An RF-based soft-computing approach was implemented for the first time in the estimation of the required pipe diameter (D) and Darcy–Weisbach friction factor (λ or f) in the same study. In the present computational analysis, five primary pipeline design components (ε, T, L, Q, Δh) were simulated for fully developed turbulent flow conditions in sizing problems (Type 3) of rough pipes. The results were analyzed in terms of various statistical performance measures and useful mathematical diagrams.

It was shown that, in contrast to traditional computing, the suggested RF-based strategy offered a well-flexible solution for calculating both D and λ values, not worse than the old labor-intensive methods. It should be emphasized that the present computational study was carried out as a part of an integrated modeling research exploring the prediction performance of various soft-computing methodologies on the estimation of different hydraulic outputs (e.g., D, λ, Re) for Type 3 problems of pipe distribution systems. This study demonstrated the efficacy of an RF-based data-intelligent model without the need for the cumbersome and time-consuming steps of the traditional iterative technique (trial-and-error progress). Any data collection with missing values may be avoided by using the soft-computing technique that is being used. In this regard, the approach for calculating both D and λ values offers a fairly flexible strategy.

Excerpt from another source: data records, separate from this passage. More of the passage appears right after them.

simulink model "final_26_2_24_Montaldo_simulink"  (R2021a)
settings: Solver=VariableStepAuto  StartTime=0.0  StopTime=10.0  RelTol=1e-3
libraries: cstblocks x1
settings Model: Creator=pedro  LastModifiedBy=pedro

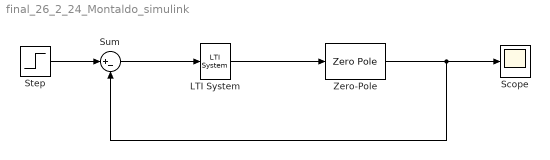
== system final_26_2_24_Montaldo_simulink ==
  LTI System : cstblocks/LTI System  sys=C_d  IC=[]
  Scope : Scope
  Step : Step  SampleTime=0
  Sum : Sum  Inputs=|+-
  Zero-Pole : ZeroPole  Zeros=[]  Poles=[0 0 -80]
  wires:
  Step/1 -> Sum/1
  Sum/1 -> LTI System/1
  LTI System/1 -> Zero-Pole/1
  Zero-Pole/1 -> Sum/2, Scope/1
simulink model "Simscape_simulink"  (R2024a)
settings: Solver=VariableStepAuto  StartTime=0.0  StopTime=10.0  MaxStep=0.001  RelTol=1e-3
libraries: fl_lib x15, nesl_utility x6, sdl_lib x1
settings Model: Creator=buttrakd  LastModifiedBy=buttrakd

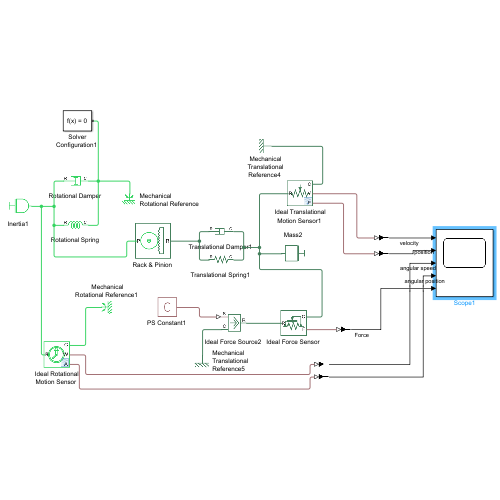
[thumbnail: Simulink's stored preview of the top-level diagram]
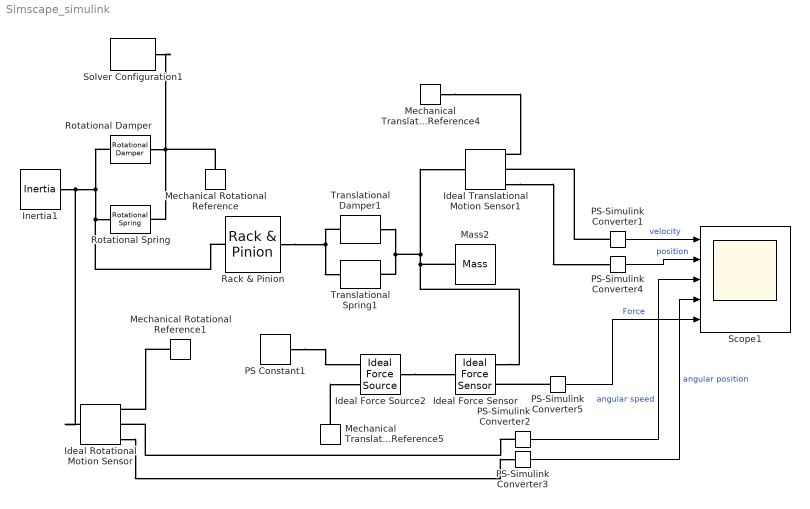
== system Simscape_simulink ==
  "Ideal Force Sensor " : fl_lib/Mechanical/Mechanical Sensors/Ideal Force Sensor
  "Ideal Force Source2 " : fl_lib/Mechanical/Mechanical Sources/Ideal Force Source
  "Ideal Rotational Motion Sensor " : fl_lib/Mechanical/Mechanical Sensors/Ideal Rotational Motion Sensor  reference=foundation.enum.MeasurementReference.difference  acceleration_port=false  velocity_port=true  position_port=true  wrap_angle=false  offset=0 rad
      settings: SimscapeInstrumentationLogging=on
  "Ideal Translational Motion Sensor1 " : fl_lib/Mechanical/Mechanical Sensors/Ideal Translational Motion Sensor  reference=foundation.enum.MeasurementReference.difference  acceleration_port=false  velocity_port=true  position_port=true  offset=0 m
      settings: SimscapeInstrumentationLogging=on
  "Inertia1 " : fl_lib/Mechanical/Rotational Elements/Inertia  inertia=1 kg*m^2  num_ports=foundation.enum.numPorts2.one  w_specify=off  w_priority=High  w=0 rad/s  w_nominal_specify=off  w_nominal_value=1  w_nominal_unit=rad/s  t_specify=off  t_priority=None  t=0 N*m  t_nominal_specify=off  t_nominal_value=1  t_nominal_unit=N*m
  "Mass2 " : fl_lib/Mechanical/Translational Elements/Mass  mass=0.5 kg  num_ports=foundation.enum.numPorts2.one  v_specify=off  v_priority=High  v=0 m/s  v_nominal_specify=off  v_nominal_value=1  v_nominal_unit=m/s  f_specify=off  f_priority=None  f=0 N  f_nominal_specify=off  f_nominal_value=1  f_nominal_unit=N
  "Mechanical Rotational Reference " : fl_lib/Mechanical/Rotational Elements/Mechanical Rotational Reference
  "Mechanical Rotational Reference1 " : fl_lib/Mechanical/Rotational Elements/Mechanical Rotational Reference
  "Mechanical Translational Reference4 " : fl_lib/Mechanical/Translational Elements/Mechanical Translational Reference
  "Mechanical Translational Reference5 " : fl_lib/Mechanical/Translational Elements/Mechanical Translational Reference
  "PS Constant1 " : fl_lib/Physical Signals/Sources/PS Constant  constant=1 N
  PS-Simulink Converter{1..5} (5 alike) : nesl_utility/PS-Simulink Converter  PhysicalDomain=network_engine_domain  SubClassName=ps_output  LeftPortType=input  RightPortType=output  PseudoPeriodic=off  Frequencies=[]  VectorFormat=inherit  Unit=inherit  AffineConversion=off
  "Rack & Pinion " : sdl_lib/Gears/Rotational- Translational/Rack & Pinion  param=sdl.enum.rackPinionParameters.radius  radius=0.4 m  n_teeth=20  x_tooth=5 mm  rack_direction_sign=sdl.enum.pinionDirection.positive  friction_model=sdl.enum.gear_friction.none  efficiency=0.8  temperature_TLU=[280, 300, 320] K  efficiency_TLU=[.95, .9, .85]  pwr_thr=0.001 W  mu_visc_P=0 N*m*s/rad  mu_visc_R=0 N*s/m  thermal_mass=50 J/K  temperature_specify=off  temperature_priority=High  temperature=300 K  temperature_nominal_specify=off  temperature_nominal_value=1  temperature_nominal_unit=K
      settings: InternalSimscapePortConfiguration="{\"Bottom\":[],\"Left\":[{\"id\":\"P\",\"label\":\"P\",\"type\":\"foundation.mechanical.rotational.rotational\"}],\"Right\":[{\"id\":\"R\",\"label\":\"R\",\"type\":\"foundation.mechanical.translational.translational\"}],\"Top\":[]}"
  "Rotational Damper " : fl_lib/Mechanical/Rotational Elements/Rotational Damper  D=0.25 N*m*s/rad  w_specify=off  w_priority=None  w=0 rad/s  w_nominal_specify=off  w_nominal_value=1  w_nominal_unit=rad/s  t_specify=off  t_priority=None  t=0 N*m  t_nominal_specify=off  t_nominal_value=1  t_nominal_unit=N*m
  "Rotational Spring " : fl_lib/Mechanical/Rotational Elements/Rotational Spring  spr_rate=0.5 N*m/rad  w_specify=off  w_priority=None  w=0 rad/s  w_nominal_specify=off  w_nominal_value=1  w_nominal_unit=rad/s  t_specify=off  t_priority=None  t=0 N*m  t_nominal_specify=off  t_nominal_value=1  t_nominal_unit=N*m  phi_specify=off  phi_priority=High  phi=0 rad  phi_nominal_specify=off  phi_nominal_value=1  phi_nominal_unit=rad
  Scope1 : Scope  NumInputPorts=5
  "Solver Configuration1 " : nesl_utility/Solver Configuration  PhysicalDomain=network_engine_domain  SubClassName=solver  LeftPortType=input  RightPortType=generic  Tones=[]  Harmonics=[]  SimulateNoise=off  Profile=off  UseLocalSampling=off  EnableSwitchedLinearOptims=on  FrequencyDomain=off  UseCCode=off  RelTol=0.001  AbsTol=0.001  MinStep=1e-09  ToWorkspace=off  RevertToSquareIcSolve=off  NumHomotopyIterations=100  PhasorMode=off  PhasorModeNumHarmonics=1  ConsistencySolver=NEWTON_XTOL_AFTER_FTOL  IndexReductionMethod=DerivativeReplacement  DoDC=off  ResidualTolerance=1e-09  ConsistencyTolSource=GLOBAL  ConsistencyAbsTol=0.001  ConsistencyRelTol=0.001  ConsistencyTolFactor=0.001  UseLocalSolver=off  LocalSolverChoice=NE_BACKWARD_EULER_ADVANCER  ResolveIndetEquations=on  FunctionEvalNumThread=1  LocalSolverSampleTime=0.001  DoFixedCost=off  MaxNonlinIter=3  MaxModeIter=2  ComputeImpulses=off  ImpulseIterations=2  LinearAlgebra=auto  LinearAlgebraNumThread=0  EquationFormulation=NE_TIME_EF  DelaysMemoryBudget=1024  AutomaticFiltering=on  FilteringTimeConstant=0.001  PartitionStorageMethod=AS_NEEDED  PartitionMemoryBudget=1024  PartitionMethod=ROBUST  MultibodyUseLocalSolver=off  MultibodyLocalSolverChoice=ODE1  MultibodyLocalSolverSampleTime=0.001
  "Translational Damper1 " : fl_lib/Mechanical/Translational Elements/Translational Damper  D=0.25 N*s/m  v_specify=off  v_priority=None  v=0 m/s  v_nominal_specify=off  v_nominal_value=1  v_nominal_unit=m/s  f_specify=off  f_priority=None  f=0 N  f_nominal_specify=off  f_nominal_value=1  f_nominal_unit=N
  "Translational Spring1 " : fl_lib/Mechanical/Translational Elements/Translational Spring  spr_rate=1 N/m  v_specify=off  v_priority=None  v=0 m/s  v_nominal_specify=off  v_nominal_value=1  v_nominal_unit=m/s  f_specify=off  f_priority=None  f=0 N  f_nominal_specify=off  f_nominal_value=1  f_nominal_unit=N  x_specify=off  x_priority=High  x=0 m  x_nominal_specify=off  x_nominal_value=1  x_nominal_unit=m
  wires:
  PS-Simulink Converter1/1 -> Scope1/1  "velocity"
  PS-Simulink Converter2/1 -> Scope1/3  "angular speed"
  PS-Simulink Converter4/1 -> Scope1/2  "position"
  PS-Simulink Converter3/1 -> Scope1/4  "angular position"
  PS-Simulink Converter5/1 -> Scope1/5  "Force"
  connections:
  "Translational Damper1 "/RConn1 -- "Ideal Force Sensor "/RConn1 -- "Mass2 "/LConn1 -- "Ideal Translational Motion Sensor1 "/LConn1 -- "Translational Spring1 "/RConn1
  "Translational Damper1 "/LConn1 -- "Translational Spring1 "/LConn1 -- "Rack & Pinion "/RConn1
  "Mechanical Translational Reference4 "/LConn1 -- "Ideal Translational Motion Sensor1 "/RConn1
  PS-Simulink Converter1/LConn1 -- "Ideal Translational Motion Sensor1 "/RConn2
  "PS Constant1 "/RConn1 -- "Ideal Force Source2 "/RConn1
  "Mechanical Translational Reference5 "/LConn1 -- "Ideal Force Source2 "/RConn2
  "Rotational Damper "/RConn1 -- "Rotational Spring "/RConn1 -- "Solver Configuration1 "/RConn1 -- "Mechanical Rotational Reference "/LConn1
  "Rotational Damper "/LConn1 -- "Ideal Rotational Motion Sensor "/LConn1 -- "Inertia1 "/LConn1 -- "Rack & Pinion "/LConn1 -- "Rotational Spring "/LConn1
  "Mechanical Rotational Reference1 "/LConn1 -- "Ideal Rotational Motion Sensor "/RConn1
  PS-Simulink Converter2/LConn1 -- "Ideal Rotational Motion Sensor "/RConn2
  "Ideal Translational Motion Sensor1 "/RConn3 -- PS-Simulink Converter4/LConn1
  "Ideal Rotational Motion Sensor "/RConn3 -- PS-Simulink Converter3/LConn1
  PS-Simulink Converter5/LConn1 -- "Ideal Force Sensor "/RConn2
  "Ideal Force Source2 "/LConn1 -- "Ideal Force Sensor "/LConn1

According to the results, the suggested RF-based decision tree technique produced quantitative predictions in a computation time of just a few seconds. As a consequence, the established method provided a speedy solution to pipeline sizing problems within the studied limitations of the relevant input data. It should be underlined that while all efforts in this field are valued as a product of labor, there is always a demand for high-performance and adaptable approaches for hydraulic engineering applications. From this stand point, it would be worthwhile to expand the existing research to more fully characterize the behavior of turbulent flow conditions using a number of sophisticated hybrid techniques. Furthermore, additional effort is recommended to build novel soft-computing models that take into account the influence of varied minor (local) loss coefficients (K). It was concluded that the flexibility of the proposed strategy will make it an appropriate data-driven tool for modeling of other highly iterative hydraulic engineering applications

Acknowledgments

The author would like to thank Ms. Regina Cooper (Editorial & Review Analyst from MedCrave Group) who provided encouragement and time support during the creation of this work.

Conflicts of interest

The author declares that he has no known competing financial interests or personal relationships that could have appeared to influence the work reported in this paper.